CONSIDERAÇÕES SOBRE O VOTO AUDITÁVEL

Análise do voto impresso e do auditável com proposta de solução tecnológica 

Tem sido motivo de muitas discussões na sociedade e no ambiente jurídico o tema voto auditável, inclusive com distorções sobre o conceito de voto impresso, como se fosse uma volta ao passado, com a contagem manual dos votos, que seriam novamente depositados em uma urna física.

Logo de cara tem-se que desmistificar tal hipótese. Não é esta a discussão colocada para debate, tampouco a preferência deste que escreve, bem como de quase unanimidade da comunidade jurídica especializada.
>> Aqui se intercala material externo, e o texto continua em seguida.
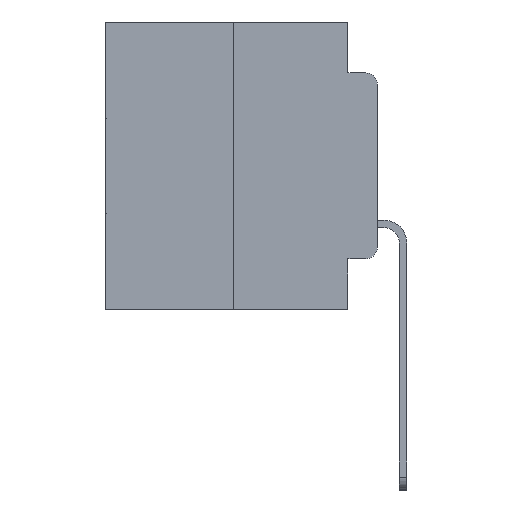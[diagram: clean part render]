
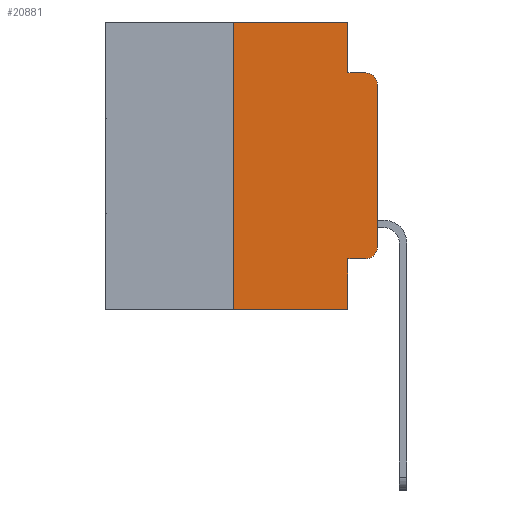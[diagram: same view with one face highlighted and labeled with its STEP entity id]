
A CAD part, left-side view. The second image highlights one B-rep face of the part: STEP entity #20881.
In plain terms, the highlighted planar face has unit normal (-1, 0, 0).
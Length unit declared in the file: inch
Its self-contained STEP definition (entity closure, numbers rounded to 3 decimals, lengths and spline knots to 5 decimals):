
#248 = CARTESIAN_POINT ( 'NONE',  ( 0., 0., -0.1085 ) ) ;
#284 = ORIENTED_EDGE ( 'NONE', *, *, #22583, .T. ) ;
#1253 = CARTESIAN_POINT ( 'NONE',  ( 0., 0.051, 0. ) ) ;
#1445 = LINE ( 'NONE', #2282, #2187 ) ;
#2187 = VECTOR ( 'NONE', #18152, 39.37008 ) ;
#2282 = CARTESIAN_POINT ( 'NONE',  ( 0., 0.473, -0.5 ) ) ;
#2397 = EDGE_CURVE ( 'NONE', #13105, #28851, #26145, .T. ) ;
#2517 = ORIENTED_EDGE ( 'NONE', *, *, #13786, .T. ) ;
#2957 = ORIENTED_EDGE ( 'NONE', *, *, #28774, .F. ) ;
#3687 = VERTEX_POINT ( 'NONE', #28357 ) ;
#4065 = LINE ( 'NONE', #24410, #15434 ) ;
#4530 = VERTEX_POINT ( 'NONE', #22929 ) ;
#5047 = CARTESIAN_POINT ( 'NONE',  ( 0., 0.25, 0. ) ) ;
#5913 = CARTESIAN_POINT ( 'NONE',  ( 0., 0.473, 0. ) ) ;
#6211 = AXIS2_PLACEMENT_3D ( 'NONE', #28304, #26127, #19630 ) ;
#6508 = VERTEX_POINT ( 'NONE', #5047 ) ;
#7439 = VERTEX_POINT ( 'NONE', #27902 ) ;
#7697 = EDGE_CURVE ( 'NONE', #12287, #4530, #9198, .T. ) ;
#8244 = DIRECTION ( 'NONE',  ( 0., -1., 0. ) ) ;
#8812 = CARTESIAN_POINT ( 'NONE',  ( 0., 0., -0.3915 ) ) ;
#9198 = LINE ( 'NONE', #22295, #25455 ) ;
#10298 = FACE_OUTER_BOUND ( 'NONE', #15970, .T. ) ;
#11046 = CARTESIAN_POINT ( 'NONE',  ( 0., 0.02, -0.1085 ) ) ;
#11606 = ORIENTED_EDGE ( 'NONE', *, *, #17656, .F. ) ;
#12090 = CARTESIAN_POINT ( 'NONE',  ( 0., 0.02, -0.3915 ) ) ;
#12148 = AXIS2_PLACEMENT_3D ( 'NONE', #12090, #27484, #14352 ) ;
#12287 = VERTEX_POINT ( 'NONE', #23904 ) ;
#13105 = VERTEX_POINT ( 'NONE', #248 ) ;
#13260 = DIRECTION ( 'NONE',  ( 0., 0., -1. ) ) ;
#13427 = DIRECTION ( 'NONE',  ( 0., 0., 1. ) ) ;
#13514 = VERTEX_POINT ( 'NONE', #17675 ) ;
#13786 = EDGE_CURVE ( 'NONE', #7439, #24535, #20776, .T. ) ;
#14352 = DIRECTION ( 'NONE',  ( 0., 0., -1. ) ) ;
#14574 = EDGE_CURVE ( 'NONE', #6508, #12287, #22781, .T. ) ;
#15205 = CARTESIAN_POINT ( 'NONE',  ( 0., 0.02, -0.0885 ) ) ;
#15434 = VECTOR ( 'NONE', #13427, 39.37008 ) ;
#15662 = DIRECTION ( 'NONE',  ( 0., 0., -1. ) ) ;
#15791 = ORIENTED_EDGE ( 'NONE', *, *, #27802, .T. ) ;
#15970 = EDGE_LOOP ( 'NONE', ( #284, #23173, #2957, #26299, #24057, #11606, #15791, #15987, #28433, #2517 ) ) ;
#15987 = ORIENTED_EDGE ( 'NONE', *, *, #24995, .F. ) ;
#16038 = VECTOR ( 'NONE', #8244, 39.37008 ) ;
#16097 = VECTOR ( 'NONE', #19407, 39.37008 ) ;
#16180 = AXIS2_PLACEMENT_3D ( 'NONE', #11046, #26439, #13260 ) ;
#16261 = VECTOR ( 'NONE', #21561, 39.37008 ) ;
#16732 = LINE ( 'NONE', #28040, #16038 ) ;
#16945 = CARTESIAN_POINT ( 'NONE',  ( 0., 0.051, -0.4115 ) ) ;
#17426 = PLANE ( 'NONE',  #6211 ) ;
#17656 = EDGE_CURVE ( 'NONE', #3687, #6508, #24677, .T. ) ;
#17675 = CARTESIAN_POINT ( 'NONE',  ( 0., 0.051, -0.5 ) ) ;
#18152 = DIRECTION ( 'NONE',  ( 0., -1., 0. ) ) ;
#18722 = CARTESIAN_POINT ( 'NONE',  ( 0., 0.25, 0. ) ) ;
#18995 = VERTEX_POINT ( 'NONE', #16945 ) ;
#19401 = DIRECTION ( 'NONE',  ( 0., 0., -1. ) ) ;
#19407 = DIRECTION ( 'NONE',  ( 0., -1., 0. ) ) ;
#19630 = DIRECTION ( 'NONE',  ( 0., 0., -1. ) ) ;
#20057 = VECTOR ( 'NONE', #19401, 39.37008 ) ;
#20738 = LINE ( 'NONE', #1253, #20057 ) ;
#20776 = CIRCLE ( 'NONE', #12148, 0.02 ) ;
#20881 = ADVANCED_FACE ( 'NONE', ( #10298 ), #17426, .F. ) ;
#21561 = DIRECTION ( 'NONE',  ( 0., -1., 0. ) ) ;
#22295 = CARTESIAN_POINT ( 'NONE',  ( 0., 0.051, 0. ) ) ;
#22583 = EDGE_CURVE ( 'NONE', #24535, #13105, #4065, .T. ) ;
#22626 = LINE ( 'NONE', #23724, #16097 ) ;
#22781 = LINE ( 'NONE', #5913, #16261 ) ;
#22929 = CARTESIAN_POINT ( 'NONE',  ( 0., 0.051, -0.0885 ) ) ;
#22977 = EDGE_CURVE ( 'NONE', #18995, #7439, #22626, .T. ) ;
#23137 = DIRECTION ( 'NONE',  ( 0., 0., 1. ) ) ;
#23173 = ORIENTED_EDGE ( 'NONE', *, *, #2397, .T. ) ;
#23724 = CARTESIAN_POINT ( 'NONE',  ( 0., 0.051, -0.4115 ) ) ;
#23904 = CARTESIAN_POINT ( 'NONE',  ( 0., 0.051, 0. ) ) ;
#24007 = VECTOR ( 'NONE', #23137, 39.37008 ) ;
#24057 = ORIENTED_EDGE ( 'NONE', *, *, #14574, .F. ) ;
#24410 = CARTESIAN_POINT ( 'NONE',  ( 0., 0., 0. ) ) ;
#24535 = VERTEX_POINT ( 'NONE', #8812 ) ;
#24677 = LINE ( 'NONE', #18722, #24007 ) ;
#24995 = EDGE_CURVE ( 'NONE', #18995, #13514, #20738, .T. ) ;
#25455 = VECTOR ( 'NONE', #15662, 39.37008 ) ;
#26127 = DIRECTION ( 'NONE',  ( 1., 0., 0. ) ) ;
#26145 = CIRCLE ( 'NONE', #16180, 0.02 ) ;
#26299 = ORIENTED_EDGE ( 'NONE', *, *, #7697, .F. ) ;
#26439 = DIRECTION ( 'NONE',  ( -1., 0., 0. ) ) ;
#27484 = DIRECTION ( 'NONE',  ( -1., 0., 0. ) ) ;
#27802 = EDGE_CURVE ( 'NONE', #3687, #13514, #1445, .T. ) ;
#27902 = CARTESIAN_POINT ( 'NONE',  ( 0., 0.02, -0.4115 ) ) ;
#28040 = CARTESIAN_POINT ( 'NONE',  ( 0., 0.051, -0.0885 ) ) ;
#28304 = CARTESIAN_POINT ( 'NONE',  ( 0., 0.473, 0. ) ) ;
#28357 = CARTESIAN_POINT ( 'NONE',  ( 0., 0.25, -0.5 ) ) ;
#28433 = ORIENTED_EDGE ( 'NONE', *, *, #22977, .T. ) ;
#28774 = EDGE_CURVE ( 'NONE', #4530, #28851, #16732, .T. ) ;
#28851 = VERTEX_POINT ( 'NONE', #15205 ) ;

O Ministro Luís Roberto Barroso, em audiência na Câmara dos Deputados(1) onde se discutiu a reforma eleitoral, sem prejuízo de outros argumentos muito racionais de fala, produziu um dos melhores argumentos lógicos desfavoráveis ao voto impresso, ao meu sentir. Colocou o argumento do paradoxo que significaria o voto impresso:

Para confiar no voto impresso, é preciso confiar na urna eletrônica. Isso porque o voto impresso é um produto da urna eletrônica. Portanto, se é possível fraudar um programa para a urna eletrônica, é possível fraudar um programa para o voto impresso. Esse é um paradoxo que é difícil superar.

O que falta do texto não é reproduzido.